An inquiry by the competition regulator into the NBN is a positive first step, but won’t address the underlying issue according to a telecommunications specialist.
The Australian Competition and Consumer Commission (ACCC) will probe whether the NBN’s service delivery is suitable or requires further regulation to improve users’ experiences.
Mid-state Communications owner Adam Irwin said the NBN was a utility and its main problem could be solved by either reducing or removing the wholesale charge internet service providers (ISPs) face.
Mr Irwin said for small ISPs to be profitable, they would skimp on bandwidth causing congestion for users at peak times.

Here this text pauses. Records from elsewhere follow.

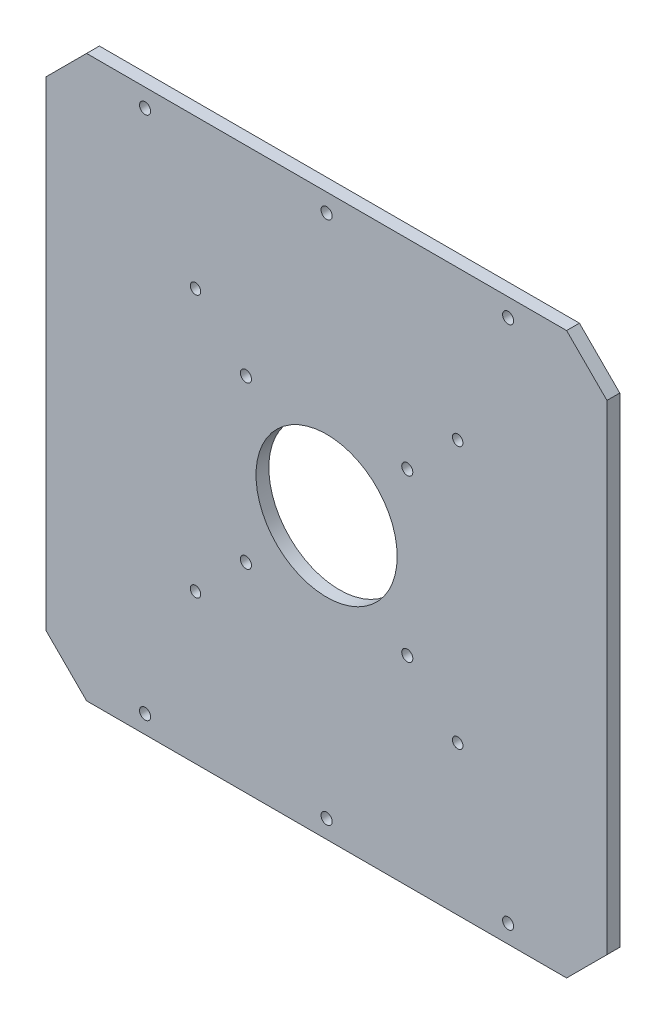
ISO-10303-21;
HEADER;
FILE_DESCRIPTION(('STEP AP214'),'2;1');
FILE_NAME('part.step','',(''),(''),'','','');
FILE_SCHEMA(('AUTOMOTIVE_DESIGN { 1 0 10303 214 1 1 1 1 }'));
ENDSEC;
DATA;
#1=APPLICATION_CONTEXT('core data for automotive mechanical design processes');
#2=APPLICATION_PROTOCOL_DEFINITION('international standard','automotive_design',2000,#1);
#3=PRODUCT_CONTEXT('',#1,'mechanical');
#4=PRODUCT('Part','Part','',(#3));
#5=PRODUCT_RELATED_PRODUCT_CATEGORY('part','',(#4));
#6=PRODUCT_DEFINITION_FORMATION('','',#4);
#7=PRODUCT_DEFINITION_CONTEXT('part definition',#1,'design');
#8=PRODUCT_DEFINITION('design','',#6,#7);
#9=PRODUCT_DEFINITION_SHAPE('','',#8);
#10=(LENGTH_UNIT() NAMED_UNIT(*) SI_UNIT(.MILLI.,.METRE.));
#11=(NAMED_UNIT(*) PLANE_ANGLE_UNIT() SI_UNIT($,.RADIAN.));
#12=(NAMED_UNIT(*) SI_UNIT($,.STERADIAN.) SOLID_ANGLE_UNIT());
#13=UNCERTAINTY_MEASURE_WITH_UNIT(LENGTH_MEASURE(1.E-05),#10,'distance_accuracy_value','');
#14=(GEOMETRIC_REPRESENTATION_CONTEXT(3) GLOBAL_UNCERTAINTY_ASSIGNED_CONTEXT((#13)) GLOBAL_UNIT_ASSIGNED_CONTEXT((#10,
#11,#12)) REPRESENTATION_CONTEXT('',''));
#15=CARTESIAN_POINT('',(0.,0.,0.));
#16=DIRECTION('',(0.,0.,1.));
#17=DIRECTION('',(1.,0.,0.));
#18=AXIS2_PLACEMENT_3D('',#15,#16,#17);
#19=CARTESIAN_POINT('',(-139.,-139.,6.35));
#20=DIRECTION('',(1.,0.,0.));
#21=DIRECTION('',(0.,0.,-1.));
#22=AXIS2_PLACEMENT_3D('',#19,#20,#21);
#23=PLANE('',#22);
#24=DIRECTION('',(0.,-1.,0.));
#25=VECTOR('',#24,1.);
#26=CARTESIAN_POINT('',(-139.,-139.,6.35));
#27=LINE('',#26,#25);
#28=CARTESIAN_POINT('',(-139.,119.,6.35));
#29=VERTEX_POINT('',#28);
#30=CARTESIAN_POINT('',(-139.,-119.,6.35));
#31=VERTEX_POINT('',#30);
#32=EDGE_CURVE('E130',#29,#31,#27,.T.);
#33=ORIENTED_EDGE('',*,*,#32,.F.);
#34=DIRECTION('',(0.,0.,-1.));
#35=VECTOR('',#34,1.);
#36=CARTESIAN_POINT('',(-139.,119.,6.35));
#37=LINE('',#36,#35);
#38=CARTESIAN_POINT('',(-139.,119.,0.));
#39=VERTEX_POINT('',#38);
#40=EDGE_CURVE('E11',#29,#39,#37,.T.);
#41=ORIENTED_EDGE('',*,*,#40,.T.);
#42=DIRECTION('',(0.,-1.,0.));
#43=VECTOR('',#42,1.);
#44=CARTESIAN_POINT('',(-139.,-139.,0.));
#45=LINE('',#44,#43);
#46=CARTESIAN_POINT('',(-139.,-119.,0.));
#47=VERTEX_POINT('',#46);
#48=EDGE_CURVE('E132',#39,#47,#45,.T.);
#49=ORIENTED_EDGE('',*,*,#48,.T.);
#50=DIRECTION('',(0.,0.,1.));
#51=VECTOR('',#50,1.);
#52=CARTESIAN_POINT('',(-139.,-119.,6.35));
#53=LINE('',#52,#51);
#54=EDGE_CURVE('E42',#47,#31,#53,.T.);
#55=ORIENTED_EDGE('',*,*,#54,.T.);
#56=EDGE_LOOP('',(#33,#41,#49,#55));
#57=FACE_BOUND('',#56,.T.);
#58=ADVANCED_FACE('F33',(#57),#23,.F.);
#59=CARTESIAN_POINT('',(139.,-139.,6.35));
#60=DIRECTION('',(0.,1.,0.));
#61=DIRECTION('',(0.,0.,1.));
#62=AXIS2_PLACEMENT_3D('',#59,#60,#61);
#63=PLANE('',#62);
#64=DIRECTION('',(1.,0.,0.));
#65=VECTOR('',#64,1.);
#66=CARTESIAN_POINT('',(139.,-139.,0.));
#67=LINE('',#66,#65);
#68=CARTESIAN_POINT('',(-119.,-139.,0.));
#69=VERTEX_POINT('',#68);
#70=CARTESIAN_POINT('',(119.,-139.,0.));
#71=VERTEX_POINT('',#70);
#72=EDGE_CURVE('E128',#69,#71,#67,.T.);
#73=ORIENTED_EDGE('',*,*,#72,.T.);
#74=DIRECTION('',(0.,0.,1.));
#75=VECTOR('',#74,1.);
#76=CARTESIAN_POINT('',(119.,-139.,6.35));
#77=LINE('',#76,#75);
#78=CARTESIAN_POINT('',(119.,-139.,6.35));
#79=VERTEX_POINT('',#78);
#80=EDGE_CURVE('E107',#71,#79,#77,.T.);
#81=ORIENTED_EDGE('',*,*,#80,.T.);
#82=DIRECTION('',(1.,0.,0.));
#83=VECTOR('',#82,1.);
#84=CARTESIAN_POINT('',(139.,-139.,6.35));
#85=LINE('',#84,#83);
#86=CARTESIAN_POINT('',(-119.,-139.,6.35));
#87=VERTEX_POINT('',#86);
#88=EDGE_CURVE('E226',#87,#79,#85,.T.);
#89=ORIENTED_EDGE('',*,*,#88,.F.);
#90=DIRECTION('',(0.,0.,-1.));
#91=VECTOR('',#90,1.);
#92=CARTESIAN_POINT('',(-119.,-139.,6.35));
#93=LINE('',#92,#91);
#94=EDGE_CURVE('E112',#87,#69,#93,.T.);
#95=ORIENTED_EDGE('',*,*,#94,.T.);
#96=EDGE_LOOP('',(#73,#81,#89,#95));
#97=FACE_BOUND('',#96,.T.);
#98=ADVANCED_FACE('F242',(#97),#63,.F.);
#99=CARTESIAN_POINT('',(139.,-139.,6.35));
#100=DIRECTION('',(-1.,0.,0.));
#101=DIRECTION('',(0.,0.,1.));
#102=AXIS2_PLACEMENT_3D('',#99,#100,#101);
#103=PLANE('',#102);
#104=DIRECTION('',(0.,1.,0.));
#105=VECTOR('',#104,1.);
#106=CARTESIAN_POINT('',(139.,-139.,6.35));
#107=LINE('',#106,#105);
#108=CARTESIAN_POINT('',(139.,-119.,6.35));
#109=VERTEX_POINT('',#108);
#110=CARTESIAN_POINT('',(139.,119.,6.35));
#111=VERTEX_POINT('',#110);
#112=EDGE_CURVE('E121',#109,#111,#107,.T.);
#113=ORIENTED_EDGE('',*,*,#112,.F.);
#114=DIRECTION('',(0.,0.,-1.));
#115=VECTOR('',#114,1.);
#116=CARTESIAN_POINT('',(139.,-119.,6.35));
#117=LINE('',#116,#115);
#118=CARTESIAN_POINT('',(139.,-119.,0.));
#119=VERTEX_POINT('',#118);
#120=EDGE_CURVE('E106',#109,#119,#117,.T.);
#121=ORIENTED_EDGE('',*,*,#120,.T.);
#122=DIRECTION('',(0.,1.,0.));
#123=VECTOR('',#122,1.);
#124=CARTESIAN_POINT('',(139.,-139.,0.));
#125=LINE('',#124,#123);
#126=CARTESIAN_POINT('',(139.,119.,0.));
#127=VERTEX_POINT('',#126);
#128=EDGE_CURVE('E119',#119,#127,#125,.T.);
#129=ORIENTED_EDGE('',*,*,#128,.T.);
#130=DIRECTION('',(0.,0.,1.));
#131=VECTOR('',#130,1.);
#132=CARTESIAN_POINT('',(139.,119.,6.35));
#133=LINE('',#132,#131);
#134=EDGE_CURVE('E123',#127,#111,#133,.T.);
#135=ORIENTED_EDGE('',*,*,#134,.T.);
#136=EDGE_LOOP('',(#113,#121,#129,#135));
#137=FACE_BOUND('',#136,.T.);
#138=ADVANCED_FACE('F118',(#137),#103,.F.);
#139=CARTESIAN_POINT('',(139.,139.,6.35));
#140=DIRECTION('',(0.,-1.,0.));
#141=DIRECTION('',(0.,0.,-1.));
#142=AXIS2_PLACEMENT_3D('',#139,#140,#141);
#143=PLANE('',#142);
#144=DIRECTION('',(-1.,0.,0.));
#145=VECTOR('',#144,1.);
#146=CARTESIAN_POINT('',(139.,139.,6.35));
#147=LINE('',#146,#145);
#148=CARTESIAN_POINT('',(119.,139.,6.35));
#149=VERTEX_POINT('',#148);
#150=CARTESIAN_POINT('',(-119.,139.,6.35));
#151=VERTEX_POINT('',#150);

“The problem with the NBN is looking at it from a commercial point of view rather than a service point of view,” Mr Irwin said.
“It should be all about delivering a service not getting a return on investment.”
Mr Irwin said people wouldn’t tolerate their lights dimming or appliances shutting off at peak times, “why is it okay for it to happen on the NBN?”.
ACCC chairman Rod Sims said the inquiry will focus on appropriate wholesale service standards and arrangements for compensation if standards aren’t met.
“We are very concerned about the high number of complaints from consumers around poor customer experiences, particularly in relation to customers connecting to NBN services and having faults repaired,” Mr Sims said.
“Many of these complaints relate to matters set out in wholesale service level standards. We will examine whether the service levels that are currently in place are appropriate and effective.
"This is important as what happens at the wholesale level often flows through to the retail level and affects customer experiences.”
An NBN spokeswoman said they would “work constructively with the ACCC”.
“We are pleased to see the broad focus of the inquiry on the entirety of the supply chain, including wholesale and retail service levels,” the spokeswoman said.